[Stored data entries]

--- START ---

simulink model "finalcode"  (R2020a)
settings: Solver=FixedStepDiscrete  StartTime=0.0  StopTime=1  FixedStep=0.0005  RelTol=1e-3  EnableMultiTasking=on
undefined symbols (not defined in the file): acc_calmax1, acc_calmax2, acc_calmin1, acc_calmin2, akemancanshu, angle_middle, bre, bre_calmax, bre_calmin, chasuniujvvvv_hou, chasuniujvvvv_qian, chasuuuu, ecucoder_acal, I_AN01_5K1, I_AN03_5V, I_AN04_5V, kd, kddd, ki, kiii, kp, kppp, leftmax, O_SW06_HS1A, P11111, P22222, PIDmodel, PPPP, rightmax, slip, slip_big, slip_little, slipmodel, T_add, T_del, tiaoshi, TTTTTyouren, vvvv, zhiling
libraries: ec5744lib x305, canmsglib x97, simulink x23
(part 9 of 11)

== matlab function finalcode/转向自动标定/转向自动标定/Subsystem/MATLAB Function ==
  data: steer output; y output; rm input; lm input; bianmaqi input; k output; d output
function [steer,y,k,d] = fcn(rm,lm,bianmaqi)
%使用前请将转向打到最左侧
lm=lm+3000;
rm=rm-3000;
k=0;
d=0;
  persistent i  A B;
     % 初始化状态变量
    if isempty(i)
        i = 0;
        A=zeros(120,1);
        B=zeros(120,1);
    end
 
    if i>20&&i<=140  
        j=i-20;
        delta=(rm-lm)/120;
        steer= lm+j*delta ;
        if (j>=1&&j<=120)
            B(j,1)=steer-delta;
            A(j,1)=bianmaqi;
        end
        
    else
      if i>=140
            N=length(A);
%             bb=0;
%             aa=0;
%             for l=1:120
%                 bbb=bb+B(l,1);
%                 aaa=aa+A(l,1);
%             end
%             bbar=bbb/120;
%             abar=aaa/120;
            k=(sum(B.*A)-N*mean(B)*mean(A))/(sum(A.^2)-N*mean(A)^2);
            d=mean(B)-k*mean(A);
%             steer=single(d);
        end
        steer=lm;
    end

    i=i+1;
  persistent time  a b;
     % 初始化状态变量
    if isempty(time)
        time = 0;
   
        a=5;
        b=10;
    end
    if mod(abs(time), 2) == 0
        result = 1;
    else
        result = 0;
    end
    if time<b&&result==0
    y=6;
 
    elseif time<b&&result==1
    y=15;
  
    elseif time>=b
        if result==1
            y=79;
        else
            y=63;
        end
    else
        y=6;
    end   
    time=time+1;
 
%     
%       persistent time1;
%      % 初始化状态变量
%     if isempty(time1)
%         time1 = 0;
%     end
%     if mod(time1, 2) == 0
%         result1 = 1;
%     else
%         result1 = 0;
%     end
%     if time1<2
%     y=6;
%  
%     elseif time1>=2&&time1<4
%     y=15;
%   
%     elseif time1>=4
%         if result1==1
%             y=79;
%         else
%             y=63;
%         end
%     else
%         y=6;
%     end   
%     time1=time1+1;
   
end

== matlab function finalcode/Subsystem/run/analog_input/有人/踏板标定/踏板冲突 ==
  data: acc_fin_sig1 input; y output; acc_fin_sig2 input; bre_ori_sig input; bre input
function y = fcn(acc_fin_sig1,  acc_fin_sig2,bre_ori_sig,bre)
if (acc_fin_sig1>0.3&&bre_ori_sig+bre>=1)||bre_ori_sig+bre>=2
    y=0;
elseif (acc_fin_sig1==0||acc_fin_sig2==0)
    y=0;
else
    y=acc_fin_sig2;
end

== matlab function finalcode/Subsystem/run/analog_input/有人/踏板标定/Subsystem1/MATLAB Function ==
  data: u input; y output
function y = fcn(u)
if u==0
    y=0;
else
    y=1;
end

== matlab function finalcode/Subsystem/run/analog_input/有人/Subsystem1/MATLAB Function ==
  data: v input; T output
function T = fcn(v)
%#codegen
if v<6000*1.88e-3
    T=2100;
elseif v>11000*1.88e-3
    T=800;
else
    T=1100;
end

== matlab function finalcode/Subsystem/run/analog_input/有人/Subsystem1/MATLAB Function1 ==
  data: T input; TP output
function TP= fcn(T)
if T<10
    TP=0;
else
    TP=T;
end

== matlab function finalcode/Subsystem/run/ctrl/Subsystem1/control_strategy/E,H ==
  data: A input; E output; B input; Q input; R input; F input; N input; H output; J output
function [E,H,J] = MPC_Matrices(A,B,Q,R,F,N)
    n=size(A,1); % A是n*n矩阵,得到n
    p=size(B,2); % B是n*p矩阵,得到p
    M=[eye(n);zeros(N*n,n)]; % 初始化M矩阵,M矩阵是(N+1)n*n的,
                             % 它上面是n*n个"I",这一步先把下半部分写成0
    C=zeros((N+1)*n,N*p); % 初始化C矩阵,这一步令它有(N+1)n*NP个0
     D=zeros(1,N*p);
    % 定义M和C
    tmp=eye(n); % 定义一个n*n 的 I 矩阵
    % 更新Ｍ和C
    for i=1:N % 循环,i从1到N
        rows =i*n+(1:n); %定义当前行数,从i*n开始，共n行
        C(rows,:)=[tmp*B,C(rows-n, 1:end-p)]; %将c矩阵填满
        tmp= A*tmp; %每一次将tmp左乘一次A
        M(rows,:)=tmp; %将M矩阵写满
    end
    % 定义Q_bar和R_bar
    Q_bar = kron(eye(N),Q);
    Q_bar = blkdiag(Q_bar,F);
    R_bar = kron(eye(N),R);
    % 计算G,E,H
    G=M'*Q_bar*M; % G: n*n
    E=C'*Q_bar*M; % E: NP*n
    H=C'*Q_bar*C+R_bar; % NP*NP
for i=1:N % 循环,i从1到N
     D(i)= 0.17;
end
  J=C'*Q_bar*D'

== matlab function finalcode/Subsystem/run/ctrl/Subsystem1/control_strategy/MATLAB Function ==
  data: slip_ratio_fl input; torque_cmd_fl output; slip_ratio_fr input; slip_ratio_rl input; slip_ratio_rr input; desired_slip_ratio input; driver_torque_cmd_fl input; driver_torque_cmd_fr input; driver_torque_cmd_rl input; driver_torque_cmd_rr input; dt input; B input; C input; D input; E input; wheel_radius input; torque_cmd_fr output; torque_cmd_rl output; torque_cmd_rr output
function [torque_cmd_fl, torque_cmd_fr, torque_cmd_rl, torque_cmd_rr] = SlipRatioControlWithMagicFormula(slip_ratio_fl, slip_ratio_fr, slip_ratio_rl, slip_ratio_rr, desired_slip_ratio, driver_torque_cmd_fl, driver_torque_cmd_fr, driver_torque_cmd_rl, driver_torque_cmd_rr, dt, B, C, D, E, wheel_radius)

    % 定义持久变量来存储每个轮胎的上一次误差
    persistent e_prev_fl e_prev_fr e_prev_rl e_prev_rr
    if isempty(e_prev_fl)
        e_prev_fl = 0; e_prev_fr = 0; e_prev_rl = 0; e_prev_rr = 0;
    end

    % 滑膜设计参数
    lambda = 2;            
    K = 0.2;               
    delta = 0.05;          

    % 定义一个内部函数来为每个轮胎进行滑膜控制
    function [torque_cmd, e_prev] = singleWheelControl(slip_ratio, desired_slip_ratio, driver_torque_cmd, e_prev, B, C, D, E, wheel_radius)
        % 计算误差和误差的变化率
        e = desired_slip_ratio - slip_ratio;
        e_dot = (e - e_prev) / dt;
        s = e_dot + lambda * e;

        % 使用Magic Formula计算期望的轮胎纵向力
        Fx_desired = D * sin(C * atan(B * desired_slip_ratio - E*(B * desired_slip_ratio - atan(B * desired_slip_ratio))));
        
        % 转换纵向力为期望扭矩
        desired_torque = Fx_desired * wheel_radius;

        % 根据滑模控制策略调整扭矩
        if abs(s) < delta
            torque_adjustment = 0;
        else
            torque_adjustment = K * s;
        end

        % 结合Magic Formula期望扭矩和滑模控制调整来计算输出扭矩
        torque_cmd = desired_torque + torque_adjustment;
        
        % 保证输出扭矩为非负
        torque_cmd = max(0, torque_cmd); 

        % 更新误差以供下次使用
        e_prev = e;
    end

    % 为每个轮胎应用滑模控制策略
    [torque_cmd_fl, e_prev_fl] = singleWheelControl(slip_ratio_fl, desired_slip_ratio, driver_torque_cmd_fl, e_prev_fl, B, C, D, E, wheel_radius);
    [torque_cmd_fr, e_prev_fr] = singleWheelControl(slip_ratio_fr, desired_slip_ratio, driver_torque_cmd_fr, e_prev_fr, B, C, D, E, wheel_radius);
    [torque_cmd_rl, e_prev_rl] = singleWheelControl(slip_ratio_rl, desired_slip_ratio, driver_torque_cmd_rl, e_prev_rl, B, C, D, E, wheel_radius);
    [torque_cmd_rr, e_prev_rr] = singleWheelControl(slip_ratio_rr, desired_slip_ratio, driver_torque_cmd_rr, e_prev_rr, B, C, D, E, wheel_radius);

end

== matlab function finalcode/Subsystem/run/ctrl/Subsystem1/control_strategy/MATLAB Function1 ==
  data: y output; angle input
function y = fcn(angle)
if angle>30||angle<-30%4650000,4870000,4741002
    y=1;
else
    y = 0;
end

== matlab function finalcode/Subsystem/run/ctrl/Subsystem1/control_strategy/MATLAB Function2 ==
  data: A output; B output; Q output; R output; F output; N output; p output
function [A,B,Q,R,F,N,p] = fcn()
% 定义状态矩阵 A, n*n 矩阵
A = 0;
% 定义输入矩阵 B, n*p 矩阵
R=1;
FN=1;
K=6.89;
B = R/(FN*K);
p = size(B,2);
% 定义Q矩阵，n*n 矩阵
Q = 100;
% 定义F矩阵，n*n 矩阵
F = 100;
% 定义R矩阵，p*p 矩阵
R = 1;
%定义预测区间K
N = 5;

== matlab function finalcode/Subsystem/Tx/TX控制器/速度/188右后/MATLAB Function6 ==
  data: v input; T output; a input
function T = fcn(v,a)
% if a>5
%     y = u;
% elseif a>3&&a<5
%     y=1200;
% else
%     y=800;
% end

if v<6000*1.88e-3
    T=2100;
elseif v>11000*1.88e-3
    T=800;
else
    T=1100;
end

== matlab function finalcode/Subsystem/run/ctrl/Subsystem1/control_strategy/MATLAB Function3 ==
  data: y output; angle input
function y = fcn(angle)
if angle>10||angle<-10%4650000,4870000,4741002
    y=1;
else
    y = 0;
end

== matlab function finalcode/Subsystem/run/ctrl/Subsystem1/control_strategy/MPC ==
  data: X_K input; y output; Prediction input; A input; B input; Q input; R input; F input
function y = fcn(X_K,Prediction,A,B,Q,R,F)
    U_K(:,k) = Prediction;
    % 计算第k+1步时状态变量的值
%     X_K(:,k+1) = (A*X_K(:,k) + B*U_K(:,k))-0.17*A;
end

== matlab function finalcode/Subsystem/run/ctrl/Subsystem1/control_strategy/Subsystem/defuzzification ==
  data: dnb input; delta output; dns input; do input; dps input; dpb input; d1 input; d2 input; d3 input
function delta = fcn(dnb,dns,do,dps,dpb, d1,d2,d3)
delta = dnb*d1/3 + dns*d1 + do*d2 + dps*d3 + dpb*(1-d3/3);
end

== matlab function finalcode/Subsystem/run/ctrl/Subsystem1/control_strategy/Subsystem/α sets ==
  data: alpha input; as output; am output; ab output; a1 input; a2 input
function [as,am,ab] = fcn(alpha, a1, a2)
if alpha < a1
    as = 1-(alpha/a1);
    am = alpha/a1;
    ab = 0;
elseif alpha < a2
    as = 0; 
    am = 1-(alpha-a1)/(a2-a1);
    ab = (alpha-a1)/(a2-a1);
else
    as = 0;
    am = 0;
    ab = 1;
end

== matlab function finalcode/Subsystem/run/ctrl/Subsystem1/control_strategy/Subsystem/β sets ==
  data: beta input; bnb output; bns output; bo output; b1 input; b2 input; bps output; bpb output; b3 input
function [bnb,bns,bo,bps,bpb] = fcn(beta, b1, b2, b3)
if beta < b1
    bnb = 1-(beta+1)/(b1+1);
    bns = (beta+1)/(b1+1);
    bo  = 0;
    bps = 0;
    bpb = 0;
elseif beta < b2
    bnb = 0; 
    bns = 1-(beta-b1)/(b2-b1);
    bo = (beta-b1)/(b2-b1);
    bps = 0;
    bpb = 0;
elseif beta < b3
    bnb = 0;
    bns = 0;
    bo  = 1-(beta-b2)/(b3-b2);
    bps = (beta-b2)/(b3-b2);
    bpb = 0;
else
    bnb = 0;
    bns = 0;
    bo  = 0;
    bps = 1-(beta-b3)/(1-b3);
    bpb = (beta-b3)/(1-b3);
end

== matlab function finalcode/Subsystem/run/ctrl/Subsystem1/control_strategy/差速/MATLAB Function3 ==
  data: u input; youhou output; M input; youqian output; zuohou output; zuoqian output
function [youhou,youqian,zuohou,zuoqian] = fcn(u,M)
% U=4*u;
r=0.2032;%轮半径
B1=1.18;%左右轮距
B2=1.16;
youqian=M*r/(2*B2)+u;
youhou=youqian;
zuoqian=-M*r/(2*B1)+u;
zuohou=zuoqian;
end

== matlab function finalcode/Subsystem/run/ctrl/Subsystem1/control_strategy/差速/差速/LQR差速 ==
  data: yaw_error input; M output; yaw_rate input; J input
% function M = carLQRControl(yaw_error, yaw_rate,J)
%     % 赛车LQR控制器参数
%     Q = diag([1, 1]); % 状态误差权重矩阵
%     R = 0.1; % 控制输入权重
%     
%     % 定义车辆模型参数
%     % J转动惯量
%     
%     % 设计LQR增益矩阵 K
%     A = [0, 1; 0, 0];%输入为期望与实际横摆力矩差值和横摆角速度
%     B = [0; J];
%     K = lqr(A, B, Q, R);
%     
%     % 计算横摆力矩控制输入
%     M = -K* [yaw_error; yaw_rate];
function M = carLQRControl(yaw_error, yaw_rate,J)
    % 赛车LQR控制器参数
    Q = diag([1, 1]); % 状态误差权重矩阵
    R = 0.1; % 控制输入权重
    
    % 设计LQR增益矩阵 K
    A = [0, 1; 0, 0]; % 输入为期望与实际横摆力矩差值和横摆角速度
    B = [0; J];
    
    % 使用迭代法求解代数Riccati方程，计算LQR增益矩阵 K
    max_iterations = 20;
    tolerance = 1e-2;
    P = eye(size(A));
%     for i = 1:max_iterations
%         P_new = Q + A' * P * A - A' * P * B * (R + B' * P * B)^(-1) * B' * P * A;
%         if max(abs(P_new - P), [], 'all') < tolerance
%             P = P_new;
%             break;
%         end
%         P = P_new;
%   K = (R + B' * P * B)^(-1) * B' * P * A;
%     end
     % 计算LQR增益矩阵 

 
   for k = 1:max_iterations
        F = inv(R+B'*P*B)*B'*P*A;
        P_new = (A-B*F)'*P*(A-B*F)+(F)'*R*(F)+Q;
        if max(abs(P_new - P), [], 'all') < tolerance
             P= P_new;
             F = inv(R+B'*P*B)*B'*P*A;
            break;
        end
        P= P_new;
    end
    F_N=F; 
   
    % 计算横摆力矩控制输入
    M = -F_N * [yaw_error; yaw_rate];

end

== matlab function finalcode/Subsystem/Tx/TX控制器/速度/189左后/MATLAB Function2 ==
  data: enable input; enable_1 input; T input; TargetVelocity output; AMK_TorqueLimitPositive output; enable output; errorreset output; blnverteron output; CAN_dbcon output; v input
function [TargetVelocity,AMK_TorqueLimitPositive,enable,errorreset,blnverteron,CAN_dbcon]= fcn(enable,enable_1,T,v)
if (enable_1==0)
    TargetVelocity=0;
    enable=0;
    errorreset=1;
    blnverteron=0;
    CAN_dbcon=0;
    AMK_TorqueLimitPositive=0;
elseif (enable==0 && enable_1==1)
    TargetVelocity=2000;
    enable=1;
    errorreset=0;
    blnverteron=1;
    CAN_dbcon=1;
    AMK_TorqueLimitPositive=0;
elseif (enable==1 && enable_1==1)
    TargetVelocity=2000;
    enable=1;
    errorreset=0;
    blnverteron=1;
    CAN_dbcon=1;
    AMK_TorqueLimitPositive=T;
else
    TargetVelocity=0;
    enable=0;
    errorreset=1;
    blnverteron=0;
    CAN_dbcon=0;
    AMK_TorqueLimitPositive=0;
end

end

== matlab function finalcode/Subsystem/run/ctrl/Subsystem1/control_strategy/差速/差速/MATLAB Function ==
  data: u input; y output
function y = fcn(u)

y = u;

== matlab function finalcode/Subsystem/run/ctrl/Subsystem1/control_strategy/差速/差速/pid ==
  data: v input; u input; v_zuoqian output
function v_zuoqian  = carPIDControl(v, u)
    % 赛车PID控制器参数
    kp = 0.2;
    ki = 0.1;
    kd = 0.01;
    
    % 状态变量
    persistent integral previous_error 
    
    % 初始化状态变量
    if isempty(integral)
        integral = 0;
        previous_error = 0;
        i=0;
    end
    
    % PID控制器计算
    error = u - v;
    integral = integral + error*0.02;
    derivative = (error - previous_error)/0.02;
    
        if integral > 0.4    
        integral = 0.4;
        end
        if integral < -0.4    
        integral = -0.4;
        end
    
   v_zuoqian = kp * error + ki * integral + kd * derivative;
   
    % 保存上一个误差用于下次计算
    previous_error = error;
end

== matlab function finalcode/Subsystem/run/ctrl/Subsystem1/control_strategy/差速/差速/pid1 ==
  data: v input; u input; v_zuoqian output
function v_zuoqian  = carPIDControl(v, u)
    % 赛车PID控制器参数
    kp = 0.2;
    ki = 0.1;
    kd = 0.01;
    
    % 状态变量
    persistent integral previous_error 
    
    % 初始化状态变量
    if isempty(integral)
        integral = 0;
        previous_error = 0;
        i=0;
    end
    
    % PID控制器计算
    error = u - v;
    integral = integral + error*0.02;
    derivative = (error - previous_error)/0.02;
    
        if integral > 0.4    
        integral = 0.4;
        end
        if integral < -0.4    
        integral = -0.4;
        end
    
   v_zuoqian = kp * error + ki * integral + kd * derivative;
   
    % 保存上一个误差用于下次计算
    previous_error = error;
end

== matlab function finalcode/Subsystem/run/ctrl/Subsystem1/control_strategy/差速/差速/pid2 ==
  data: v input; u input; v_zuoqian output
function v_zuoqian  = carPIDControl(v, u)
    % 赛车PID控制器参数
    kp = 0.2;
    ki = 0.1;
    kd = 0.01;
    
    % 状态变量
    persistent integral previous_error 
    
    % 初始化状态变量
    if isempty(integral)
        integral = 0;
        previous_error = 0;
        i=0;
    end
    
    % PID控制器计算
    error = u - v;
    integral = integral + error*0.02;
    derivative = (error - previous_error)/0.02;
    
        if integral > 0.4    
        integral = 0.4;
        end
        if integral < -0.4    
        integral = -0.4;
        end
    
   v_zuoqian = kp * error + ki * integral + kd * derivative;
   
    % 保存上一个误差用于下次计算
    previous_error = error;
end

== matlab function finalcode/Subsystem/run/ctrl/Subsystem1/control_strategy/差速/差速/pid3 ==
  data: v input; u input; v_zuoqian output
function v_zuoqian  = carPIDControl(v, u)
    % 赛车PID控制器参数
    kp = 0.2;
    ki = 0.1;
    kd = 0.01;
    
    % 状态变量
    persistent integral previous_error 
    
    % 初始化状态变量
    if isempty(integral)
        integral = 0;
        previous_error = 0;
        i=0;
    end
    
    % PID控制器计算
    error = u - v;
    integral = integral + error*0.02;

--- END ---

_Problem requirements_. Every line that holds the string "tolerance" must be copied from the records above.

_Result of the exercise_.
    tolerance = 1e-2;
%         if max(abs(P_new - P), [], 'all') < tolerance
        if max(abs(P_new - P), [], 'all') < tolerance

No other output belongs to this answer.